By Sharon Henry
Irvine, April 9, 2015 —
With a nod to the necessity of cross-disciplinary collaboration, the director of the NIH’s National Institute of Biomedical Imaging and Bioengineering delivered a Samueli School Dean’s Distinguished Lecture April 6 in the Calit2 auditorium.
Dr. Roderic Pettigrew, who before assuming his post at the NIBIB was a professor of radiology, medicine and cardiology at Emory University and professor of bioengineering at the Georgia Institute of Technology, spoke about the importance of merging life sciences, physical sciences and engineering with medicine in order to ensure positive healthcare outcomes in a changing world.
Citing rising healthcare costs combined with an aging population beset by chronic illness, Dr. Pettigrew said there is a need, in the U.S. and globally, to integrate “engineering into medicine, and medicine into engineering until all the boundaries vanish. It’s absolutely critical to the kind of innovation that will be needed to increase access, provide higher quality care to more people, and do that with restrained costs.”
Precision medicine, including precision diagnostics and therapeutics – what Pettigrew called “precision theranostics” – is also a priority of the Obama administration, Pettigrew said, adding that the NIH is “very active” in its quest to achieve this vision. Precision theranostics involves the ability to diagnose and treat disease simultaneously, at the cell and molecular level. Pettigrew told the audience the concept brings to mind the tricorder – a device which did just that – featured on the television show “Star Trek.”
“This is about being accurate and precise, based on our understanding of the cell and molecular mechanisms of disease; identifying those mechanisms and then tailoring the treatment to the individual in accurate fashion,” he said. “It’s about precise measurement, precise diagnostics and precise delivery based on that precision-based information.”

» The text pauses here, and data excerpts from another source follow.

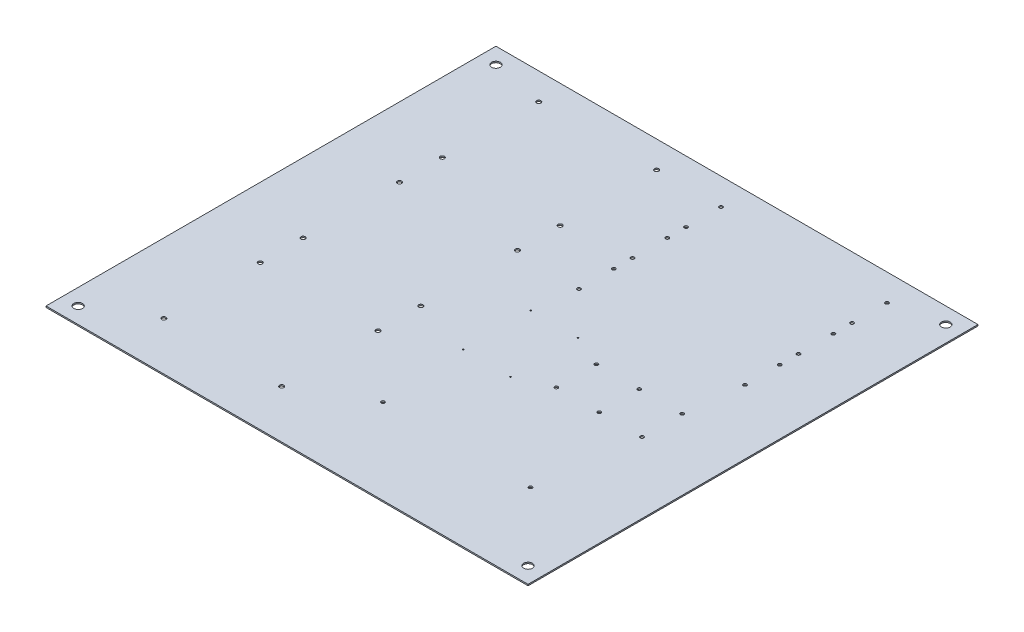
SolidWorks part; units mm, degrees
ref_plane "Front Plane" through (0, 0, 0) normal (0, 0, 1) x (1, 0, 0)
ref_plane "Top Plane" through (0, 0, 0) normal (0, 1, 0) x (1, 0, 0)
ref_plane "Right Plane" through (0, 0, 0) normal (1, 0, 0) x (0, 0, -1)
sketch "Sketch1" plane through (0, 0, 0) normal (0, 1, 0) x (1, 0, 0)
  line L1 (0, 0) -> (571.5, 0)
  line L2 (0, 0) -> (0, 533.4)
  line L3 (0, 533.4) -> (571.5, 533.4)
  line L4 (571.5, 0) -> (571.5, 533.4)
  dimension "D1" = 533.4
  dimension "D2" = 571.5
extrude "Boss-Extrude1" add sketch "Sketch1" along normal blind 1.5875
hole_wizard "#10-32 Tapped Hole1" positions "Sketch3" profile "Sketch2" tap size "#10-32" standard "ANSI Inch" end condition through all
sketch "Sketch3" plane through (0, 1.5875, 0) normal (0, 1, 0) x (1, 0, 0)
  line L0 (571.5, 533.4) -> (0, 533.4) construction
  line L1 (0, 533.4) -> (0, 0) construction
  point P0 (298.45, 501.65)
  point P2 (495.3, 501.65)
  point P4 (298.45, 460.375)
  point P6 (495.3, 460.375)
  point P21 (298.45, 438.15)
  point P22 (495.3, 438.15)
  point P23 (298.45, 396.875)
  point P24 (495.3, 396.875)
  point P25 (298.45, 374.65)
  point P26 (495.3, 374.65)
  point P27 (298.45, 333.375)
  point P28 (495.3, 333.375)
  dimension "D1" = 196.85
  dimension "D2" = 41.275
  dimension "D3" = 31.75
  dimension "D4" = 298.45
  dimension "D6" = 63.5
  dimension "D5" = 3
sketch "Sketch2" plane through (298.45, 1.5875, -501.65) normal (1, 0, 0) x (0, 0, 1)
  line L0 (0, 0) -> (0, 1.5875)
  line L1 (0, 1.5875) -> (2.0193, 1.5875)
  line L2 (2.0193, 1.5875) -> (2.0193, 0)
  line L5 (2.0193, 0) -> (0, 0)
  line L11 (0, -6.35) -> (0, 107.95) construction
  dimension "Thru Tap Drill Dia." = 4.0386
  dimension "Thru Tap Drill Depth" = 1.5875
cosmetic thread "Hole Thread1"
cosmetic thread "Hole Thread2"
cosmetic thread "Hole Thread3"
cosmetic thread "Hole Thread4"
cosmetic thread "Hole Thread17"
cosmetic thread "Hole Thread18"
cosmetic thread "Hole Thread19"
cosmetic thread "Hole Thread20"
cosmetic thread "Hole Thread21"
cosmetic thread "Hole Thread22"
cosmetic thread "Hole Thread23"
cosmetic thread "Hole Thread24"
hole_wizard "1/4-20 Tapped Hole1" positions "Sketch4" profile "Sketch5" tap size "1/4-20" standard "ANSI Inch" end condition through all
sketch "Sketch4" plane through (0, 1.5875, 0) normal (0, 1, 0) x (1, 0, 0)
  line L0 (571.5, 533.4) -> (0, 533.4) construction
  line L1 (0, 533.4) -> (0, 0) construction
  point P0 (82.55, 501.65)
  point P2 (82.55, 387.35)
  point P4 (222.25, 387.35)
  point P6 (222.25, 501.65)
  point P23 (82.55, 336.55)
  point P24 (82.55, 222.25)
  point P25 (222.25, 222.25)
  point P26 (222.25, 336.55)
  point P27 (82.55, 171.45)
  point P28 (82.55, 57.15)
  point P29 (222.25, 57.15)
  point P30 (222.25, 171.45)
  dimension "D1" = 114.3
  dimension "D2" = 139.7
  dimension "D3" = 31.75
  dimension "D4" = 82.55
  dimension "D6" = 50.8
  dimension "D5" = 3
sketch "Sketch5" plane through (82.55, 1.5875, -501.65) normal (1, 0, 0) x (0, 0, 1)
  line L0 (0, 0) -> (0, 1.5875)
  line L1 (0, 1.5875) -> (2.5527, 1.5875)
  line L2 (2.5527, 1.5875) -> (2.5527, 0)
  line L5 (2.5527, 0) -> (0, 0)
  line L11 (0, -6.35) -> (0, 107.95) construction
  dimension "Thru Tap Drill Dia." = 5.1054
  dimension "Thru Tap Drill Depth" = 1.5875
cosmetic thread "Hole Thread5"
cosmetic thread "Hole Thread6"
cosmetic thread "Hole Thread7"
cosmetic thread "Hole Thread8"
cosmetic thread "Hole Thread9"
cosmetic thread "Hole Thread10"
cosmetic thread "Hole Thread11"
cosmetic thread "Hole Thread12"
cosmetic thread "Hole Thread13"
cosmetic thread "Hole Thread14"
cosmetic thread "Hole Thread15"
cosmetic thread "Hole Thread16"
hole_wizard "M2x0.4 Tapped Hole1" positions "Sketch6" profile "Sketch7" tap size "M2x0.4" standard "ANSI Metric" end condition through all
sketch "Sketch6" plane through (0, 1.5875, 0) normal (0, 1, 0) x (1, 0, 0)
  line L0 (0, 533.4) -> (0, 0) construction
  circle A1 centre (298.45, 333.375) radius 2.0193 construction
  point P0 (292.1, 282.575)
  point P2 (348.1, 282.575)
  point P4 (292.1, 202.575)
  point P6 (348.1, 202.575)
  dimension "D1" = 80
  dimension "D2" = 56
  dimension "D3" = 292.1
  dimension "D4" = 50.8
sketch "Sketch7" plane through (292.1, 1.5875, -282.575) normal (1, 0, 0) x (0, 0, 1)
  line L0 (0, 0) -> (0, 1.5875)
  line L1 (0, 1.5875) -> (0.8, 1.5875)
  line L2 (0.8, 1.5875) -> (0.8, 0)
  line L5 (0.8, 0) -> (0, 0)
  line L11 (0, -6.35) -> (0, 107.95) construction
  dimension "Thru Tap Drill Dia." = 1.6
  dimension "Thru Tap Drill Depth" = 1.5875
cosmetic thread "Hole Thread25"
cosmetic thread "Hole Thread26"
cosmetic thread "Hole Thread27"
cosmetic thread "Hole Thread28"
hole_wizard "#10-32 Tapped Hole2" positions "Sketch8" profile "Sketch9" tap size "#10-32" standard "ANSI Inch" end condition through all
sketch "Sketch8" plane through (0, 1.5875, 0) normal (0, 1, 0) x (1, 0, 0)
  circle A4 centre (348.1, 282.575) radius 0.8 construction
  point P0 (386.2, 266.324)
  point P2 (386.2, 218.826)
  point P22 (437, 266.324)
  point P23 (437, 218.826)
  point P24 (487.8, 266.324)
  point P25 (487.8, 218.826)
  dimension "D2" = 16.251
  dimension "D3" = 38.1
  dimension "D1" = 47.498
  dimension "D5" = 50.8
  dimension "D4" = 3
sketch "Sketch9" plane through (386.2, 1.5875, -266.324) normal (1, 0, 0) x (0, 0, 1)
  line L0 (0, 0) -> (0, 1.5875)
  line L1 (0, 1.5875) -> (2.0193, 1.5875)
  line L2 (2.0193, 1.5875) -> (2.0193, 0)
  line L5 (2.0193, 0) -> (0, 0)
  line L11 (0, -6.35) -> (0, 107.95) construction
  dimension "Thru Tap Drill Dia." = 4.0386
  dimension "Thru Tap Drill Depth" = 1.5875
cosmetic thread "Hole Thread29"
cosmetic thread "Hole Thread30"
cosmetic thread "Hole Thread31"
cosmetic thread "Hole Thread32"
cosmetic thread "Hole Thread33"
cosmetic thread "Hole Thread34"
hole_wizard "#10-32 Tapped Hole3" positions "Sketch10" profile "Sketch11" tap size "#10-32" standard "ANSI Inch" end condition through all
sketch "Sketch10" plane through (0, 1.5875, 0) normal (0, 1, 0) x (1, 0, 0)
  line L0 (0, 533.4) -> (0, 0) construction
  circle A0 centre (348.1, 202.575) radius 0.8 construction
  point P0 (298.45, 100.975)
  point P2 (473.456, 100.975)
  dimension "D1" = 175.006
  dimension "D2" = 101.6
  dimension "D3" = 298.45
sketch "Sketch11" plane through (298.45, 1.5875, -100.975) normal (1, 0, 0) x (0, 0, 1)
  line L0 (0, 0) -> (0, 1.5875)
  line L1 (0, 1.5875) -> (2.0193, 1.5875)
  line L2 (2.0193, 1.5875) -> (2.0193, 0)
  line L5 (2.0193, 0) -> (0, 0)
  line L11 (0, -6.35) -> (0, 107.95) construction
  dimension "Thru Tap Drill Dia." = 4.0386
  dimension "Thru Tap Drill Depth" = 1.5875
cosmetic thread "Hole Thread35"
cosmetic thread "Hole Thread36"
hole_wizard "3/8 Clearance Hole1" positions "Sketch12" profile "Sketch13" hole size "3/8" standard "ANSI Inch" end condition through all
sketch "Sketch12" plane through (0, 1.5875, 0) normal (0, 1, 0) x (1, 0, 0)
  line L0 (0, 266.7) -> (-33.6931, 266.7)
  line L1 (0, 533.4) -> (0, 0) construction
  line L3 (285.75, 533.4) -> (285.75, 552.2627)
  line L4 (571.5, 533.4) -> (0, 533.4) construction
  point P0 (19.05, 514.35)
  point P14 (552.45, 514.35)
  point P15 (552.45, 19.05)
  point P16 (19.05, 19.05)
  dimension "D1" = 495.3
  dimension "D2" = 533.4
sketch "Sketch13" plane through (19.05, 1.5875, -514.35) normal (1, 0, 0) x (0, 0, 1)
  line L0 (0, 0) -> (0, 1.5875)
  line L1 (0, 1.5875) -> (5.1587, 1.5875)
  line L2 (5.1587, 1.5875) -> (5.1587, 0)
  line L5 (5.1587, 0) -> (0, 0)
  line L11 (0, -6.35) -> (0, 107.95) construction
  dimension "Thru Hole Dia." = 10.3175
  dimension "Thru Hole Depth" = 1.5875

Progress is steady. The ability to visualize complex data sets and view them on mobile devices, along with advances in sensor technology, is leading to development of biomedical devices that can be used even in developing countries, which don’t always have consistent access to electricity.
Another Obama administration initiative, announced in 2012 and called BRAIN (Brain Research Advanced through Innovative Neurotechnologies) is helping scientists and doctors understand the brain’s neural networks better. One early advance involves improved imaging and spatial/temporal resolution in MRI technology, which allows the brain’s axons to be tracked. Another is progress in identifying an Alzheimer’s gene by examining fiber integrity.
Awe-inspiring medical advances
Pettigrew showed the audience two videos that depicted awe-inspiring medical advances: one featured a woman suffering from severe depression who got relief from electrodes placed in her brain; the other showed patients paralyzed by spinal cord injuries who were able to move their limbs – and even play catch – after electrical stimulation of their spinal cords.
Pettigrew said six paralyzed patients have received the spinal cord treatment, and all of them regained not only voluntary motor movement but also a return of bladder, bowel and sexual function. “There has been a tremendous improvement in their quality of life,” he said.
Other advances in medicine enabled by cross-disciplinary collaboration include a microfluidic device that can detect one cancerous cell in a blood sample of a billion cells, and a technology that utilizes fluorescence to identify cancer cells and nerves during surgery, allowing doctors to more easily excise the cancerous cells without damaging surrounding nerves.
These advances, Pettigrew summarized, have resulted from the emerging interfaces between technologies in engineering and medicine. “Engineering is central to driving advances in many areas to improve public health,” he said. “It’s about improving our fundamental knowledge of how nature works and using that knowledge to improve health with technologies that will allow us to make diagnoses at point of care, and improve therapeutics so they’re more specific, more focused and targeted to the problem at hand.”